→ **WORK TASK**:
Beneath this instruction is a listing. Transcribe from it only the stretch from the line with "add(body_17.part.rotate(Axis((0, 0, -9.9), (0, 0, 1)), 9" through the line with "add(body_17.part.rotate(Axis((0, 0, -9.9), (0, 0, 1)), 13", both end lines included, exactly as written.

——————————

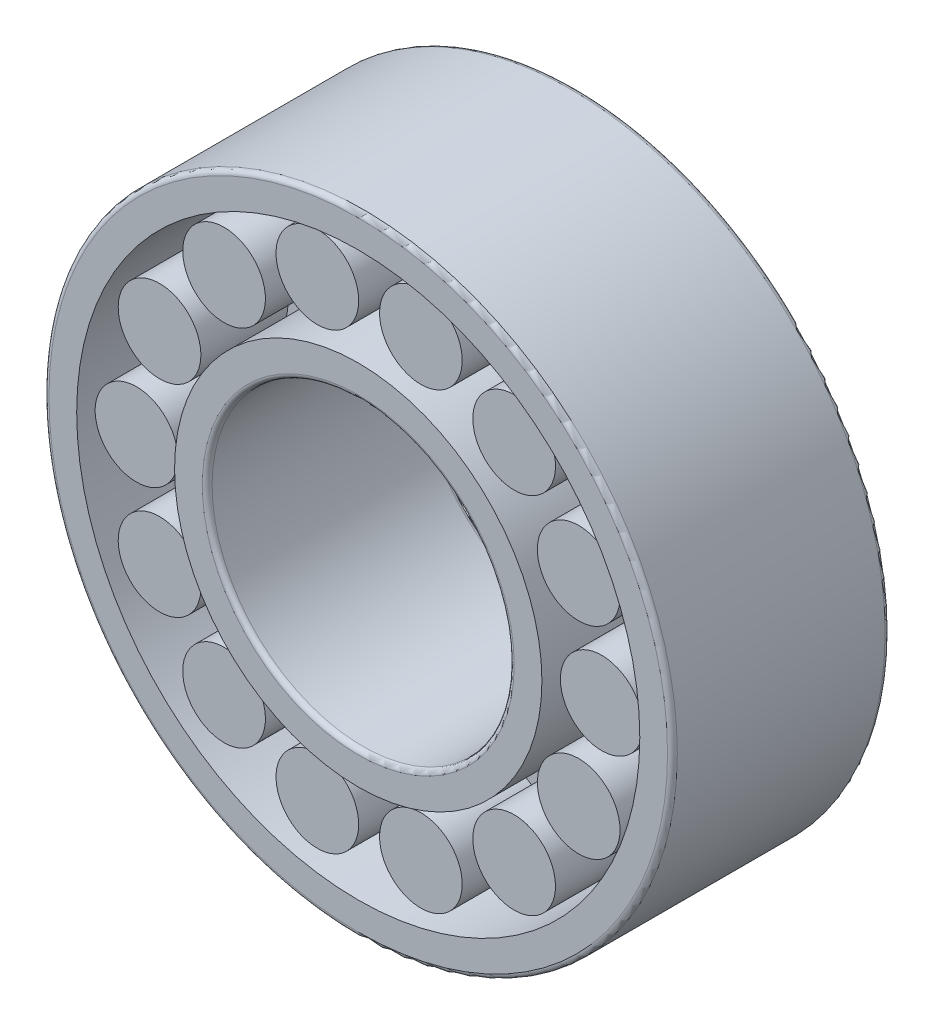
from build123d import *

# Parameters (mm, degrees)
INNERS_W              = 2.7
INNERS_H              = 18
OUTERS_W              = 2.7
OUTERS_H              = 18
ROLLER1S_W            = 3.42
ROLLER1S_H            = 7.2
ROLLER1SPATTERN_COUNT = 14
ROLLER2S_W            = 3.42
ROLLER2S_H            = 7.2
ROLLER2SPATTERN_COUNT = 14
FILLET_F1_R           = 0.405
FILLET_F2_R           = 0.405


with BuildPart() as part:
    # InnerS → InnerRing (revolve)
    with BuildSketch(Plane(origin=(0, 0, 0), x_dir=(1, 0, 0), z_dir=(0, 1, 0))):
        with Locations((13.85, 0)):
            Rectangle(INNERS_W, INNERS_H)
    revolve(axis=Axis((0, 0, 14.5), (0, 0, -1)))

    # Fillet F2
    fillet_f2_edges = [part.edges().sort_by_distance(p)[0] for p in [
        (-12.5, 0, -9),
        (-12.5, 0, 9),
    ]]
    fillet(fillet_f2_edges, radius=FILLET_F2_R)


with BuildPart() as body_2:
    # OuterS → OuterRing (revolve)
    with BuildSketch(Plane(origin=(0, 0, 0), x_dir=(1, 0, 0), z_dir=(0, 1, 0))):
        with Locations((24.65, 0)):
            Rectangle(OUTERS_W, OUTERS_H)
    revolve(axis=Axis((0, 0, 14.5), (0, 0, -1)))

    # Fillet F1
    fillet_f1_edges = [body_2.edges().sort_by_distance(p)[0] for p in [
        (-26, 0, -9),
        (-26, 0, 9),
    ]]
    fillet(fillet_f1_edges, radius=FILLET_F1_R)


with BuildPart() as body_3:
    # Roller1S → Roller1 (revolve)
    with BuildSketch(Plane(origin=(0, 0, 0), x_dir=(1, 0, 0), z_dir=(0, 1, 0))):
        with Locations((20.96, 4.5)):
            Rectangle(ROLLER1S_W, ROLLER1S_H)
    revolve(axis=Axis((19.25, 0, -8.1), (0, 0, 1)))


with BuildPart() as roller1spattern_1:
    # Roller1sPattern: pattern copy
    add(body_3.part.rotate(Axis((0, 0, -9.9), (0, 0, 1)), 1 * 360 / ROLLER1SPATTERN_COUNT))


with BuildPart() as roller1spattern_2:
    # Roller1sPattern: pattern copy
    add(body_3.part.rotate(Axis((0, 0, -9.9), (0, 0, 1)), 2 * 360 / ROLLER1SPATTERN_COUNT))


with BuildPart() as roller1spattern_3:
    # Roller1sPattern: pattern copy
    add(body_3.part.rotate(Axis((0, 0, -9.9), (0, 0, 1)), 3 * 360 / ROLLER1SPATTERN_COUNT))


with BuildPart() as roller1spattern_4:
    # Roller1sPattern: pattern copy
    add(body_3.part.rotate(Axis((0, 0, -9.9), (0, 0, 1)), 4 * 360 / ROLLER1SPATTERN_COUNT))


with BuildPart() as roller1spattern_5:
    # Roller1sPattern: pattern copy
    add(body_3.part.rotate(Axis((0, 0, -9.9), (0, 0, 1)), 5 * 360 / ROLLER1SPATTERN_COUNT))


with BuildPart() as roller1spattern_6:
    # Roller1sPattern: pattern copy
    add(body_3.part.rotate(Axis((0, 0, -9.9), (0, 0, 1)), 6 * 360 / ROLLER1SPATTERN_COUNT))


with BuildPart() as roller1spattern_7:
    # Roller1sPattern: pattern copy
    add(body_3.part.rotate(Axis((0, 0, -9.9), (0, 0, 1)), 7 * 360 / ROLLER1SPATTERN_COUNT))


with BuildPart() as roller1spattern_8:
    # Roller1sPattern: pattern copy
    add(body_3.part.rotate(Axis((0, 0, -9.9), (0, 0, 1)), 8 * 360 / ROLLER1SPATTERN_COUNT))


with BuildPart() as roller1spattern_9:
    # Roller1sPattern: pattern copy
    add(body_3.part.rotate(Axis((0, 0, -9.9), (0, 0, 1)), 9 * 360 / ROLLER1SPATTERN_COUNT))


with BuildPart() as roller1spattern_10:
    # Roller1sPattern: pattern copy
    add(body_3.part.rotate(Axis((0, 0, -9.9), (0, 0, 1)), 10 * 360 / ROLLER1SPATTERN_COUNT))


with BuildPart() as roller1spattern_11:
    # Roller1sPattern: pattern copy
    add(body_3.part.rotate(Axis((0, 0, -9.9), (0, 0, 1)), 11 * 360 / ROLLER1SPATTERN_COUNT))


with BuildPart() as roller1spattern_12:
    # Roller1sPattern: pattern copy
    add(body_3.part.rotate(Axis((0, 0, -9.9), (0, 0, 1)), 12 * 360 / ROLLER1SPATTERN_COUNT))


with BuildPart() as roller1spattern_13:
    # Roller1sPattern: pattern copy
    add(body_3.part.rotate(Axis((0, 0, -9.9), (0, 0, 1)), 13 * 360 / ROLLER1SPATTERN_COUNT))


with BuildPart() as body_17:
    # Roller2S → Roller2 (revolve)
    with BuildSketch(Plane(origin=(0, 0, 0), x_dir=(1, 0, 0), z_dir=(0, 1, 0))):
        with Locations((20.96, -4.5)):
            Rectangle(ROLLER2S_W, ROLLER2S_H)
    revolve(axis=Axis((19.25, 0, 0.9), (0, 0, 1)))


with BuildPart() as roller2spattern_1:
    # Roller2sPattern: pattern copy
    add(body_17.part.rotate(Axis((0, 0, -9.9), (0, 0, 1)), 1 * 360 / ROLLER2SPATTERN_COUNT))


with BuildPart() as roller2spattern_2:
    # Roller2sPattern: pattern copy
    add(body_17.part.rotate(Axis((0, 0, -9.9), (0, 0, 1)), 2 * 360 / ROLLER2SPATTERN_COUNT))


with BuildPart() as roller2spattern_3:
    # Roller2sPattern: pattern copy
    add(body_17.part.rotate(Axis((0, 0, -9.9), (0, 0, 1)), 3 * 360 / ROLLER2SPATTERN_COUNT))


with BuildPart() as roller2spattern_4:
    # Roller2sPattern: pattern copy
    add(body_17.part.rotate(Axis((0, 0, -9.9), (0, 0, 1)), 4 * 360 / ROLLER2SPATTERN_COUNT))


with BuildPart() as roller2spattern_5:
    # Roller2sPattern: pattern copy
    add(body_17.part.rotate(Axis((0, 0, -9.9), (0, 0, 1)), 5 * 360 / ROLLER2SPATTERN_COUNT))


with BuildPart() as roller2spattern_6:
    # Roller2sPattern: pattern copy
    add(body_17.part.rotate(Axis((0, 0, -9.9), (0, 0, 1)), 6 * 360 / ROLLER2SPATTERN_COUNT))


with BuildPart() as roller2spattern_7:
    # Roller2sPattern: pattern copy
    add(body_17.part.rotate(Axis((0, 0, -9.9), (0, 0, 1)), 7 * 360 / ROLLER2SPATTERN_COUNT))


with BuildPart() as roller2spattern_8:
    # Roller2sPattern: pattern copy
    add(body_17.part.rotate(Axis((0, 0, -9.9), (0, 0, 1)), 8 * 360 / ROLLER2SPATTERN_COUNT))


with BuildPart() as roller2spattern_9:
    # Roller2sPattern: pattern copy
    add(body_17.part.rotate(Axis((0, 0, -9.9), (0, 0, 1)), 9 * 360 / ROLLER2SPATTERN_COUNT))


with BuildPart() as roller2spattern_10:
    # Roller2sPattern: pattern copy
    add(body_17.part.rotate(Axis((0, 0, -9.9), (0, 0, 1)), 10 * 360 / ROLLER2SPATTERN_COUNT))


with BuildPart() as roller2spattern_11:
    # Roller2sPattern: pattern copy
    add(body_17.part.rotate(Axis((0, 0, -9.9), (0, 0, 1)), 11 * 360 / ROLLER2SPATTERN_COUNT))


with BuildPart() as roller2spattern_12:
    # Roller2sPattern: pattern copy
    add(body_17.part.rotate(Axis((0, 0, -9.9), (0, 0, 1)), 12 * 360 / ROLLER2SPATTERN_COUNT))


with BuildPart() as roller2spattern_13:
    # Roller2sPattern: pattern copy
    add(body_17.part.rotate(Axis((0, 0, -9.9), (0, 0, 1)), 13 * 360 / ROLLER2SPATTERN_COUNT))


solid = Compound([part.part, body_2.part, body_3.part, roller1spattern_1.part, roller1spattern_2.part, roller1spattern_3.part, roller1spattern_4.part, roller1spattern_5.part, roller1spattern_6.part, roller1spattern_7.part, roller1spattern_8.part, roller1spattern_9.part, roller1spattern_10.part, roller1spattern_11.part, roller1spattern_12.part, roller1spattern_13.part, body_17.part, roller2spattern_1.part, roller2spattern_2.part, roller2spattern_3.part, roller2spattern_4.part, roller2spattern_5.part, roller2spattern_6.part, roller2spattern_7.part, roller2spattern_8.part, roller2spattern_9.part, roller2spattern_10.part, roller2spattern_11.part, roller2spattern_12.part, roller2spattern_13.part])

——————————

→ **ANSWER TO THIS PROBLEM**:
    add(body_17.part.rotate(Axis((0, 0, -9.9), (0, 0, 1)), 9 * 360 / ROLLER2SPATTERN_COUNT))


with BuildPart() as roller2spattern_10:
    # Roller2sPattern: pattern copy
    add(body_17.part.rotate(Axis((0, 0, -9.9), (0, 0, 1)), 10 * 360 / ROLLER2SPATTERN_COUNT))


with BuildPart() as roller2spattern_11:
    # Roller2sPattern: pattern copy
    add(body_17.part.rotate(Axis((0, 0, -9.9), (0, 0, 1)), 11 * 360 / ROLLER2SPATTERN_COUNT))


with BuildPart() as roller2spattern_12:
    # Roller2sPattern: pattern copy
    add(body_17.part.rotate(Axis((0, 0, -9.9), (0, 0, 1)), 12 * 360 / ROLLER2SPATTERN_COUNT))


with BuildPart() as roller2spattern_13:
    # Roller2sPattern: pattern copy
    add(body_17.part.rotate(Axis((0, 0, -9.9), (0, 0, 1)), 13 * 360 / ROLLER2SPATTERN_COUNT))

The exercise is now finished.